### ABOUT THIS EXERCISE
Only one stretch of the records below is wanted: the lines from the one holding "#280=EDGE_CURVE('E225',#279,#279,#277,.T.);" through the one holding "#321=CARTESIAN_POINT('',(-17.,53.,-0.0540689210920334));". Return it exactly, both ends included.

### PROVIDED RECORDS
━━━━━━━━━━
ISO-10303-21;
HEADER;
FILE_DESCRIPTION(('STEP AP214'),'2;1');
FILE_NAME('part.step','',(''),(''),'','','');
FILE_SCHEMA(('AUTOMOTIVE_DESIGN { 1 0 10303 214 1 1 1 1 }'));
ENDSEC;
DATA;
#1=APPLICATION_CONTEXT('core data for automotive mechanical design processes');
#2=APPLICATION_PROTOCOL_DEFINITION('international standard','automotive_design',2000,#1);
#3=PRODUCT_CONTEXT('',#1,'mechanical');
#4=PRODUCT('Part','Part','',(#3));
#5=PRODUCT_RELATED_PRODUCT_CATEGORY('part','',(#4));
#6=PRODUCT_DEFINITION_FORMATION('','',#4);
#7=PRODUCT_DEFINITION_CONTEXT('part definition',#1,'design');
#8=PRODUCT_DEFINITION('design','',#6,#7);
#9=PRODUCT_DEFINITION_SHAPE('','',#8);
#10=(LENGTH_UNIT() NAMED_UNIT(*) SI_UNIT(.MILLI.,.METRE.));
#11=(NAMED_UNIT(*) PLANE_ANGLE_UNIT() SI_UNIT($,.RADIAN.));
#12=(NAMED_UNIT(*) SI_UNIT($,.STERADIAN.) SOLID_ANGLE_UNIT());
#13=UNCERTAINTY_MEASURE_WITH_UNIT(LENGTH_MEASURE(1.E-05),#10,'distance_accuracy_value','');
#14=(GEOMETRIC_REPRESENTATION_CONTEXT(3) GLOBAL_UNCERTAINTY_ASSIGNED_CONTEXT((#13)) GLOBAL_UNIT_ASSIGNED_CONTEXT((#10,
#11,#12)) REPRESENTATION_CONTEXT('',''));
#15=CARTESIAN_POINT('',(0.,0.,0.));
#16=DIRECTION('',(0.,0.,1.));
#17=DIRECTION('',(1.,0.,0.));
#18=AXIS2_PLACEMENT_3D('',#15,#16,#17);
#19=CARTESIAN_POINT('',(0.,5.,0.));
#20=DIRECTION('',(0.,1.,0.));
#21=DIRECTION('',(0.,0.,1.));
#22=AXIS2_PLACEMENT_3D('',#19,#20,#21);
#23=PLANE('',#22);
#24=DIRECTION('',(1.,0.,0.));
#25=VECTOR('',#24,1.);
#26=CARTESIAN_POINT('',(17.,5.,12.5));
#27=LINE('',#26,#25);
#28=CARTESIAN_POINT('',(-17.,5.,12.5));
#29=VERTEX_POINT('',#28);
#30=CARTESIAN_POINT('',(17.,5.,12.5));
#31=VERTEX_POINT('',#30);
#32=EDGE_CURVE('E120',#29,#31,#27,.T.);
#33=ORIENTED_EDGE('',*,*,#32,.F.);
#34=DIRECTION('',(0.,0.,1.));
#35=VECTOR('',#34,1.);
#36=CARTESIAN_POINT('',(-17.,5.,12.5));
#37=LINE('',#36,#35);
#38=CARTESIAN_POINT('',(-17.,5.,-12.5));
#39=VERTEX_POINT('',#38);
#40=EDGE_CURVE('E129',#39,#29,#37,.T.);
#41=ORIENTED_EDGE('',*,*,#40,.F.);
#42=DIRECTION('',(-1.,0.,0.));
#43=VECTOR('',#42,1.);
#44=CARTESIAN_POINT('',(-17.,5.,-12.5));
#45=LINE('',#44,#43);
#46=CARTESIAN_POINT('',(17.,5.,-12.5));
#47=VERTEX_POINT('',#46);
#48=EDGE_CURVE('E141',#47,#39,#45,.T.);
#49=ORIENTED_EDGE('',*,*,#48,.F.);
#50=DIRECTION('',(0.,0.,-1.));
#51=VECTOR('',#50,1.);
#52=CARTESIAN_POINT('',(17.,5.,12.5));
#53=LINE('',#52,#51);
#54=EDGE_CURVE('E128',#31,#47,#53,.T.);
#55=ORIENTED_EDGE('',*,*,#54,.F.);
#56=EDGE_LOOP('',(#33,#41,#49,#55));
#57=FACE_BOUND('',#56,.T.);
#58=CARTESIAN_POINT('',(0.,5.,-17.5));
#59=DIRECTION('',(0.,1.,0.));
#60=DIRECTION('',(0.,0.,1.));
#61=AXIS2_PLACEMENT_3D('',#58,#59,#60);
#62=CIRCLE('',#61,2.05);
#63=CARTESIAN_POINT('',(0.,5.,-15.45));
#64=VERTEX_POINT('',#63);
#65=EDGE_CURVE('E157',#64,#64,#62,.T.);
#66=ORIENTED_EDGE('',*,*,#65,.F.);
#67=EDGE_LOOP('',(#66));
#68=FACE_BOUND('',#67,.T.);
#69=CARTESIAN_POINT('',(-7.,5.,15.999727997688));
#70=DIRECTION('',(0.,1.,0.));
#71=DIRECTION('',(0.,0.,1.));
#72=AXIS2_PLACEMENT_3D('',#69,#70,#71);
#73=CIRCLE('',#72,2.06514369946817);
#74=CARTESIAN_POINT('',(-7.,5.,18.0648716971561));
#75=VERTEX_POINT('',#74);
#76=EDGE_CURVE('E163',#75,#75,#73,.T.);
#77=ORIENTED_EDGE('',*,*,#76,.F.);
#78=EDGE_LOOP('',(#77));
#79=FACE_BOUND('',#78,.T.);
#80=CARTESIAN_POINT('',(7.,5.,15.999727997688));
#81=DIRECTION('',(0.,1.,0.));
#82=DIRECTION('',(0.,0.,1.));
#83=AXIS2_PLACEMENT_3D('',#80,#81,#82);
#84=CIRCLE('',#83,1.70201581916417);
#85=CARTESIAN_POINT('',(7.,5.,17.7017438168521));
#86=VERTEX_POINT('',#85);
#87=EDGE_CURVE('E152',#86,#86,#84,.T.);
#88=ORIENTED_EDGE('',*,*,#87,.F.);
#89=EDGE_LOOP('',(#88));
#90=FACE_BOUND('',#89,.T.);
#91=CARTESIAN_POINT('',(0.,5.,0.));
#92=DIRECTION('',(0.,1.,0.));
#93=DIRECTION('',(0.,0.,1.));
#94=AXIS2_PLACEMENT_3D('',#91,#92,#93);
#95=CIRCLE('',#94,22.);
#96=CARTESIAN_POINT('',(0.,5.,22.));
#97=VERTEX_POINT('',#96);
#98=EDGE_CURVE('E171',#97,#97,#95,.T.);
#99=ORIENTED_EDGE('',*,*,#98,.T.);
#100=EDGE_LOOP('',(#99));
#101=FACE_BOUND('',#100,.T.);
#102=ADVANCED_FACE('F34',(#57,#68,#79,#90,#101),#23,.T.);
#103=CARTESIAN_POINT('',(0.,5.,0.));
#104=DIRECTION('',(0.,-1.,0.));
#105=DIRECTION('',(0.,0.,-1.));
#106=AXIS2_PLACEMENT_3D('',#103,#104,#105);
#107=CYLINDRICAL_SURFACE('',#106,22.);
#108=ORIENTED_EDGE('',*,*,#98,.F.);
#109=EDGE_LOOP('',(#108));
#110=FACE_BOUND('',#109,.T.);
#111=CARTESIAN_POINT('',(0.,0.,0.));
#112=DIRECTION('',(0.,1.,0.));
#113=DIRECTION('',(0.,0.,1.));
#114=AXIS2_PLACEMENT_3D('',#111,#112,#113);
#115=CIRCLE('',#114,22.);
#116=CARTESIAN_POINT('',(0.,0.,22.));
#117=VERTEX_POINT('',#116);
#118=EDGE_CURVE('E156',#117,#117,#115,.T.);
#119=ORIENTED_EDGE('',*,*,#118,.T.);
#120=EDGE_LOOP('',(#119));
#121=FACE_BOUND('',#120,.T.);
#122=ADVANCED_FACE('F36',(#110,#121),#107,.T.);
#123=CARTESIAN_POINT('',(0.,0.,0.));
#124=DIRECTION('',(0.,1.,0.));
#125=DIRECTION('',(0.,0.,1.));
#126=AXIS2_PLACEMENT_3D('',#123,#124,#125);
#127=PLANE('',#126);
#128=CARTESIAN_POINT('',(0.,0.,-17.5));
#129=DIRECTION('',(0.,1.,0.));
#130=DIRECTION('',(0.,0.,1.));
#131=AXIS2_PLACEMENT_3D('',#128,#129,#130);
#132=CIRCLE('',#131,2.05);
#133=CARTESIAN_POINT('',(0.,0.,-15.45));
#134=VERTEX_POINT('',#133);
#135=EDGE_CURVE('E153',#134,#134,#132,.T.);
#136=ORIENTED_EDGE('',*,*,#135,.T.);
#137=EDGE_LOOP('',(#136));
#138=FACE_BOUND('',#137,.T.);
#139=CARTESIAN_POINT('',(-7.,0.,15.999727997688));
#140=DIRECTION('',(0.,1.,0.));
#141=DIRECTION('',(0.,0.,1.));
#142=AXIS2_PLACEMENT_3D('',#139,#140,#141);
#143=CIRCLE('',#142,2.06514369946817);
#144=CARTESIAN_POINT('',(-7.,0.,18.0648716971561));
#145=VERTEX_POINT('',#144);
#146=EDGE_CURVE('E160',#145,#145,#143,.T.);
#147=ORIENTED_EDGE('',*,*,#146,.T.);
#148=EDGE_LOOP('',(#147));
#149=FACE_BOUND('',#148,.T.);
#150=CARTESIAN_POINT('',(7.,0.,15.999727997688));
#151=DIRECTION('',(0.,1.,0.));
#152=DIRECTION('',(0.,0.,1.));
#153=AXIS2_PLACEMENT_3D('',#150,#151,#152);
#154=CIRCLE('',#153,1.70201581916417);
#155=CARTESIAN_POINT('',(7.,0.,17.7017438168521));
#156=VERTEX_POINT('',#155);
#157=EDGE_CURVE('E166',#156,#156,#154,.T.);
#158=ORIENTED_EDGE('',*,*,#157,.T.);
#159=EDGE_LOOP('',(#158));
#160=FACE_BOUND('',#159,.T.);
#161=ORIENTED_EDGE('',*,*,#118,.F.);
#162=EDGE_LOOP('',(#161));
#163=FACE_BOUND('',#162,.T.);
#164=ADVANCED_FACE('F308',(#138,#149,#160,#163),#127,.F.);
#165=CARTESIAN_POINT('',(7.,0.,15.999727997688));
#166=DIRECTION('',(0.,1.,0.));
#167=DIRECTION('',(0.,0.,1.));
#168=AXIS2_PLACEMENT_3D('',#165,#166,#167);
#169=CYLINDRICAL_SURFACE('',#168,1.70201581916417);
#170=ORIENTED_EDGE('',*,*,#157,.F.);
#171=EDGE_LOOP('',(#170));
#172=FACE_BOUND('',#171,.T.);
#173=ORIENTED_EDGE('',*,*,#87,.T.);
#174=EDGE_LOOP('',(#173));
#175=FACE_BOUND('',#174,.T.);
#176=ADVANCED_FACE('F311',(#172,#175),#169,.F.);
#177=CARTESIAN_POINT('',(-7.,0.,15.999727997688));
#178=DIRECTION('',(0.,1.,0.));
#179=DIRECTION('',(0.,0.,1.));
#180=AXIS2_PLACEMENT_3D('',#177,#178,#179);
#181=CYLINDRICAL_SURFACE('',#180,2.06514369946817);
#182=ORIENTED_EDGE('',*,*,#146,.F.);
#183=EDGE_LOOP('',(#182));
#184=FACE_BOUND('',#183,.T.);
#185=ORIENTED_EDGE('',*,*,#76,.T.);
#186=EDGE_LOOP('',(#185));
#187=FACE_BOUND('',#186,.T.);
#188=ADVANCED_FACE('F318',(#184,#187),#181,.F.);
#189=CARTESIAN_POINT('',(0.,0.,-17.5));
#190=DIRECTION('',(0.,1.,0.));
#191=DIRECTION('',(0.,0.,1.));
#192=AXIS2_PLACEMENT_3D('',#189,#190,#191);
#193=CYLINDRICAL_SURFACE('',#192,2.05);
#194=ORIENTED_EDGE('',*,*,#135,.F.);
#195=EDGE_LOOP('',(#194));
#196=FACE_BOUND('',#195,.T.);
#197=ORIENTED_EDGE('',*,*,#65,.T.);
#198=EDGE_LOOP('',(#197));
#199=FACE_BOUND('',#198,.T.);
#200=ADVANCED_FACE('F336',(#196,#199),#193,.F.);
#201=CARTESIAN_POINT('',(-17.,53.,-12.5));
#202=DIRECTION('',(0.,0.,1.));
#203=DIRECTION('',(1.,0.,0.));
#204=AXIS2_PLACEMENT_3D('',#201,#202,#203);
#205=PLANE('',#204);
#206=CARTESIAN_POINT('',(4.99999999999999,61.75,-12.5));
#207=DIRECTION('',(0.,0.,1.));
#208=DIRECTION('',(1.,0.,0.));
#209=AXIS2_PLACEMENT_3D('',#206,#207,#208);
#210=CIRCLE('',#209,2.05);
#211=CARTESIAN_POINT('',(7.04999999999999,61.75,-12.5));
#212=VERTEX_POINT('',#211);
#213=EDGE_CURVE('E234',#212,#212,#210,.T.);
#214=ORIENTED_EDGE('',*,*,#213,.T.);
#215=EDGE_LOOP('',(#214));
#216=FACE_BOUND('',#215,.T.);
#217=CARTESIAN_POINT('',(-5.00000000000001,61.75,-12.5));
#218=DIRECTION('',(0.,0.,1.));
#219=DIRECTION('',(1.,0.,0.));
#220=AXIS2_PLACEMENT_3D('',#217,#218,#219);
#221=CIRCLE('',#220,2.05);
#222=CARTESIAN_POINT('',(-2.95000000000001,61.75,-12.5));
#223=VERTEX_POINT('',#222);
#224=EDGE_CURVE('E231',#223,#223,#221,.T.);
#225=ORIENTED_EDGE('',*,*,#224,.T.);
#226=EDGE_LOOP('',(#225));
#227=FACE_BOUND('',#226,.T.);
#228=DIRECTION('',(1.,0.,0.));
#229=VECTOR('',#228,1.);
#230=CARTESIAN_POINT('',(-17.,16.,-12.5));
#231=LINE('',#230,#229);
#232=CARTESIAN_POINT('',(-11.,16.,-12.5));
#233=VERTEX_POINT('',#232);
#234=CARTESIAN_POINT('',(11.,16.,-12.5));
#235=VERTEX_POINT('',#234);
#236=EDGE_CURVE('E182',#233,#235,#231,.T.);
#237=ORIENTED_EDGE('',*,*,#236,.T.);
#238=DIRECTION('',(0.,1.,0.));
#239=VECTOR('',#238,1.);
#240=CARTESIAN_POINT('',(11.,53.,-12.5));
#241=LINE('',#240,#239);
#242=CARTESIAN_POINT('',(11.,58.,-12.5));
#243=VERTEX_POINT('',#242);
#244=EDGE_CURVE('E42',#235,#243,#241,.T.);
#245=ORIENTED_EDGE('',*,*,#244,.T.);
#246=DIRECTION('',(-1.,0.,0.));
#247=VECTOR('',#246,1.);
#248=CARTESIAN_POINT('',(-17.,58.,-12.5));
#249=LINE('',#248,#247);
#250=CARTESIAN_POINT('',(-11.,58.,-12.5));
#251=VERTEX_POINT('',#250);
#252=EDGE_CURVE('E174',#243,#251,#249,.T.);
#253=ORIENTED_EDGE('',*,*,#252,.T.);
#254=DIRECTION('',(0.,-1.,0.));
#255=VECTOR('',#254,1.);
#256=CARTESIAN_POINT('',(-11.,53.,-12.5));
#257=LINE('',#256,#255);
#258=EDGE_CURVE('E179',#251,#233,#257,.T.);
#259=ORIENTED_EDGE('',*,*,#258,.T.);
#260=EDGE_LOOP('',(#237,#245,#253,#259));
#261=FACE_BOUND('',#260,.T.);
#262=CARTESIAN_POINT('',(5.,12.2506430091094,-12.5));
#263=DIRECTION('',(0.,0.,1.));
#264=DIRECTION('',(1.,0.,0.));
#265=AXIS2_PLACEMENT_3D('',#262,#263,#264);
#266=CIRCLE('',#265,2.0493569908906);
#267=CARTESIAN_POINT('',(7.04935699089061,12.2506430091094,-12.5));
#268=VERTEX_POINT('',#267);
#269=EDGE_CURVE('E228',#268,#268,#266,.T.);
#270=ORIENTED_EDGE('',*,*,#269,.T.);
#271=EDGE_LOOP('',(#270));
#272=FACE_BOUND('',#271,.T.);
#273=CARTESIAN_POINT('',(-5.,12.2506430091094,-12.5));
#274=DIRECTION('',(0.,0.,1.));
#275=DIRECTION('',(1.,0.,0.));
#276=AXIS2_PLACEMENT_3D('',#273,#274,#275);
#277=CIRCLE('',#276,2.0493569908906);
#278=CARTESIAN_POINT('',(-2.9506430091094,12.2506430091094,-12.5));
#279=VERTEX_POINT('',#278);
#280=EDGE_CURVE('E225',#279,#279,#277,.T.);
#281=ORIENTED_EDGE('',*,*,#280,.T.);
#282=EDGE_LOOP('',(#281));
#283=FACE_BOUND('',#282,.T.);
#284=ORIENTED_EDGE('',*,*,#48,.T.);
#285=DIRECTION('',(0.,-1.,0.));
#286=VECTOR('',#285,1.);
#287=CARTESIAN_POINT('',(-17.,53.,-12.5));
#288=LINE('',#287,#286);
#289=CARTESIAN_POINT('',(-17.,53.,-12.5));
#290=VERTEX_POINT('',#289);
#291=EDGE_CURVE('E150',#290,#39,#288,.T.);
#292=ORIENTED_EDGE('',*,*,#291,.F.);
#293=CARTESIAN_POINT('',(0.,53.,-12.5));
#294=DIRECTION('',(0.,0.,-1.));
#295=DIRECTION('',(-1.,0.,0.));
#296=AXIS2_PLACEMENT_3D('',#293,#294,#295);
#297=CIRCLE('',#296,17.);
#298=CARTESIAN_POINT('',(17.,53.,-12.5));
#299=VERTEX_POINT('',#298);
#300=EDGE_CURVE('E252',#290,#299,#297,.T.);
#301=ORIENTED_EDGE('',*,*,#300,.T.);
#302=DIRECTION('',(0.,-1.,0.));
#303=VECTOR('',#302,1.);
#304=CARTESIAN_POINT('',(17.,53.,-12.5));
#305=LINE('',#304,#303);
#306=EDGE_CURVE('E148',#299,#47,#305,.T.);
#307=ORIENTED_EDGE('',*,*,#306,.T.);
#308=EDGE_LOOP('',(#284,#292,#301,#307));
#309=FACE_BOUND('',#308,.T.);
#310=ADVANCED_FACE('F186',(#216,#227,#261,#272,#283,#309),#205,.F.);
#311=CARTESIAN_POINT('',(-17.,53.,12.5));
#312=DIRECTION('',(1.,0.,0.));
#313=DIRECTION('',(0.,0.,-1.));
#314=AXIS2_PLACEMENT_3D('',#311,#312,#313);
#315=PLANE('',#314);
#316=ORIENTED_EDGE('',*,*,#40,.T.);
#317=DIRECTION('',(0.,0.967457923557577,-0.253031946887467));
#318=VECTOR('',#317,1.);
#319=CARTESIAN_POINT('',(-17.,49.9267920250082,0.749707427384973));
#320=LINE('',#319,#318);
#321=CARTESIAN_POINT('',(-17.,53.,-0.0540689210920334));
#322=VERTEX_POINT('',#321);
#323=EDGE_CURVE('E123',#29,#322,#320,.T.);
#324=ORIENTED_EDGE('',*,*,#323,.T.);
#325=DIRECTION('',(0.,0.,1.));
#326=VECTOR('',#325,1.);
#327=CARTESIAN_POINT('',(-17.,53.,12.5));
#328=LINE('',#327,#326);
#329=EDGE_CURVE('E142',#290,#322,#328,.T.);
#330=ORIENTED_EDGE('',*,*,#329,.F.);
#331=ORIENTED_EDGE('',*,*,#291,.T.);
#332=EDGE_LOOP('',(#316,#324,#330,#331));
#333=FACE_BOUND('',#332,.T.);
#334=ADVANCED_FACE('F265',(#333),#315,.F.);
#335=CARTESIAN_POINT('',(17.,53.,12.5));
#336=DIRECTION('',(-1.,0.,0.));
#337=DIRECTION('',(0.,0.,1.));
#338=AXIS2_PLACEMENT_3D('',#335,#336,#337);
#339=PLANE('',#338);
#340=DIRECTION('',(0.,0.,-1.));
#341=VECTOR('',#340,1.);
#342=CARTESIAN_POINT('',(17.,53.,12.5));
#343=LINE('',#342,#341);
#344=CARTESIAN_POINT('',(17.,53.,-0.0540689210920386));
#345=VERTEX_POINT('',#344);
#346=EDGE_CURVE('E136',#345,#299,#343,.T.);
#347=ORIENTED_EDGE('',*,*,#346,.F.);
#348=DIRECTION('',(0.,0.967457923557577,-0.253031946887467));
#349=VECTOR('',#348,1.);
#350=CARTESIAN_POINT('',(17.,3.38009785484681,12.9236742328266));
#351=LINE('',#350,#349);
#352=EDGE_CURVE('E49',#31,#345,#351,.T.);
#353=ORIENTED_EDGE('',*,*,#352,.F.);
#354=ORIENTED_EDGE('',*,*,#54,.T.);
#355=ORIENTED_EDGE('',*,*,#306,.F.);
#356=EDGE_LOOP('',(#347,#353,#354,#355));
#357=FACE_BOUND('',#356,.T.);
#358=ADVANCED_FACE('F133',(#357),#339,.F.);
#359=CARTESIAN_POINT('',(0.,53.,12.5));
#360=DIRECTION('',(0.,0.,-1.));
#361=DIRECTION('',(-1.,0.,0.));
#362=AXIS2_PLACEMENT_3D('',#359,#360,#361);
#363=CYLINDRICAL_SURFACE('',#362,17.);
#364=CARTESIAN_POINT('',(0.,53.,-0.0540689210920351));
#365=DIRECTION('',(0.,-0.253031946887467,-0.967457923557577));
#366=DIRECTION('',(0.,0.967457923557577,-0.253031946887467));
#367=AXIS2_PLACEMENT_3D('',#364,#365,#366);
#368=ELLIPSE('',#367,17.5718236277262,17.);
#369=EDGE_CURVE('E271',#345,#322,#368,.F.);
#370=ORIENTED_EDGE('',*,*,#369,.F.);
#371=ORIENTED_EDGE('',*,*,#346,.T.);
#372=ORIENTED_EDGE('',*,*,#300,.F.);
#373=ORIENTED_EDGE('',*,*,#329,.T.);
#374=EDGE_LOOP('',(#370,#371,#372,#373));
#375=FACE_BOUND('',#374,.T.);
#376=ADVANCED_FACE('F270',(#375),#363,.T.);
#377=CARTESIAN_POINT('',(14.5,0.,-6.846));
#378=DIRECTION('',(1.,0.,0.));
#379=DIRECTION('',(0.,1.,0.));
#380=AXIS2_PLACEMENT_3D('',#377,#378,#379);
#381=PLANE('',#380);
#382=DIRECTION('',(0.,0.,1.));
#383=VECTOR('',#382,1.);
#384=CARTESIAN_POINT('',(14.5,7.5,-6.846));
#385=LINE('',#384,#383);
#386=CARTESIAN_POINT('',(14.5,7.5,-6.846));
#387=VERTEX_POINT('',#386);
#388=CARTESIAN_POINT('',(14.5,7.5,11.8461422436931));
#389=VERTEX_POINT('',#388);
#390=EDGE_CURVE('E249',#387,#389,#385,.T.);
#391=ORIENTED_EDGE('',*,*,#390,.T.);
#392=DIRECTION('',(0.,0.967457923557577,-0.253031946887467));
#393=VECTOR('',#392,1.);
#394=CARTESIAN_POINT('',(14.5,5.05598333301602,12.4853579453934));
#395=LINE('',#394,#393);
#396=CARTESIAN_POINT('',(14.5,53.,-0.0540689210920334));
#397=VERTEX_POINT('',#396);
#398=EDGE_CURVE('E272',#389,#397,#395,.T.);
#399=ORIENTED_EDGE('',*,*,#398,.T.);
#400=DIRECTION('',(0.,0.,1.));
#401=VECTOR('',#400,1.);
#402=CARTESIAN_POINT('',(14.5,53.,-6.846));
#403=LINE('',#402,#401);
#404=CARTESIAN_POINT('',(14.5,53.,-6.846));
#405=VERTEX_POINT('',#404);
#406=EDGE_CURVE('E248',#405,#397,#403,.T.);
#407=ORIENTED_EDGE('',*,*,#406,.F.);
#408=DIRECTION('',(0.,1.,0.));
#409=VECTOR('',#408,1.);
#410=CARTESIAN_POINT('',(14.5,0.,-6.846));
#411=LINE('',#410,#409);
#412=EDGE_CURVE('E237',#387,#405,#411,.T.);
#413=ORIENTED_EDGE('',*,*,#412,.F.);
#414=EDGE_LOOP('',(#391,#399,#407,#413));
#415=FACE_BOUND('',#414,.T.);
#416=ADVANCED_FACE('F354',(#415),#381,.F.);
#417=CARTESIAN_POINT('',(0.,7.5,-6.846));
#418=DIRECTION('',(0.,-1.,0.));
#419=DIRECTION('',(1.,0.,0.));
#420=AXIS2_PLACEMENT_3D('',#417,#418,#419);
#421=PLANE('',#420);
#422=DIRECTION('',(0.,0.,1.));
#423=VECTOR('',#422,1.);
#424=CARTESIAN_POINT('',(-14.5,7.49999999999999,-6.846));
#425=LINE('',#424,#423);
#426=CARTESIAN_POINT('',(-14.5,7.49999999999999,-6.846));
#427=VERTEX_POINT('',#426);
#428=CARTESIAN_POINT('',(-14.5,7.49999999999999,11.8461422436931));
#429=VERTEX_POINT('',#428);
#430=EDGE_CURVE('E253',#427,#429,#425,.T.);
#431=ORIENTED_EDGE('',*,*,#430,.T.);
━━━━━━━━━━
### OUTPUT BELOW
#280=EDGE_CURVE('E225',#279,#279,#277,.T.);
#281=ORIENTED_EDGE('',*,*,#280,.T.);
#282=EDGE_LOOP('',(#281));
#283=FACE_BOUND('',#282,.T.);
#284=ORIENTED_EDGE('',*,*,#48,.T.);
#285=DIRECTION('',(0.,-1.,0.));
#286=VECTOR('',#285,1.);
#287=CARTESIAN_POINT('',(-17.,53.,-12.5));
#288=LINE('',#287,#286);
#289=CARTESIAN_POINT('',(-17.,53.,-12.5));
#290=VERTEX_POINT('',#289);
#291=EDGE_CURVE('E150',#290,#39,#288,.T.);
#292=ORIENTED_EDGE('',*,*,#291,.F.);
#293=CARTESIAN_POINT('',(0.,53.,-12.5));
#294=DIRECTION('',(0.,0.,-1.));
#295=DIRECTION('',(-1.,0.,0.));
#296=AXIS2_PLACEMENT_3D('',#293,#294,#295);
#297=CIRCLE('',#296,17.);
#298=CARTESIAN_POINT('',(17.,53.,-12.5));
#299=VERTEX_POINT('',#298);
#300=EDGE_CURVE('E252',#290,#299,#297,.T.);
#301=ORIENTED_EDGE('',*,*,#300,.T.);
#302=DIRECTION('',(0.,-1.,0.));
#303=VECTOR('',#302,1.);
#304=CARTESIAN_POINT('',(17.,53.,-12.5));
#305=LINE('',#304,#303);
#306=EDGE_CURVE('E148',#299,#47,#305,.T.);
#307=ORIENTED_EDGE('',*,*,#306,.T.);
#308=EDGE_LOOP('',(#284,#292,#301,#307));
#309=FACE_BOUND('',#308,.T.);
#310=ADVANCED_FACE('F186',(#216,#227,#261,#272,#283,#309),#205,.F.);
#311=CARTESIAN_POINT('',(-17.,53.,12.5));
#312=DIRECTION('',(1.,0.,0.));
#313=DIRECTION('',(0.,0.,-1.));
#314=AXIS2_PLACEMENT_3D('',#311,#312,#313);
#315=PLANE('',#314);
#316=ORIENTED_EDGE('',*,*,#40,.T.);
#317=DIRECTION('',(0.,0.967457923557577,-0.253031946887467));
#318=VECTOR('',#317,1.);
#319=CARTESIAN_POINT('',(-17.,49.9267920250082,0.749707427384973));
#320=LINE('',#319,#318);
#321=CARTESIAN_POINT('',(-17.,53.,-0.0540689210920334));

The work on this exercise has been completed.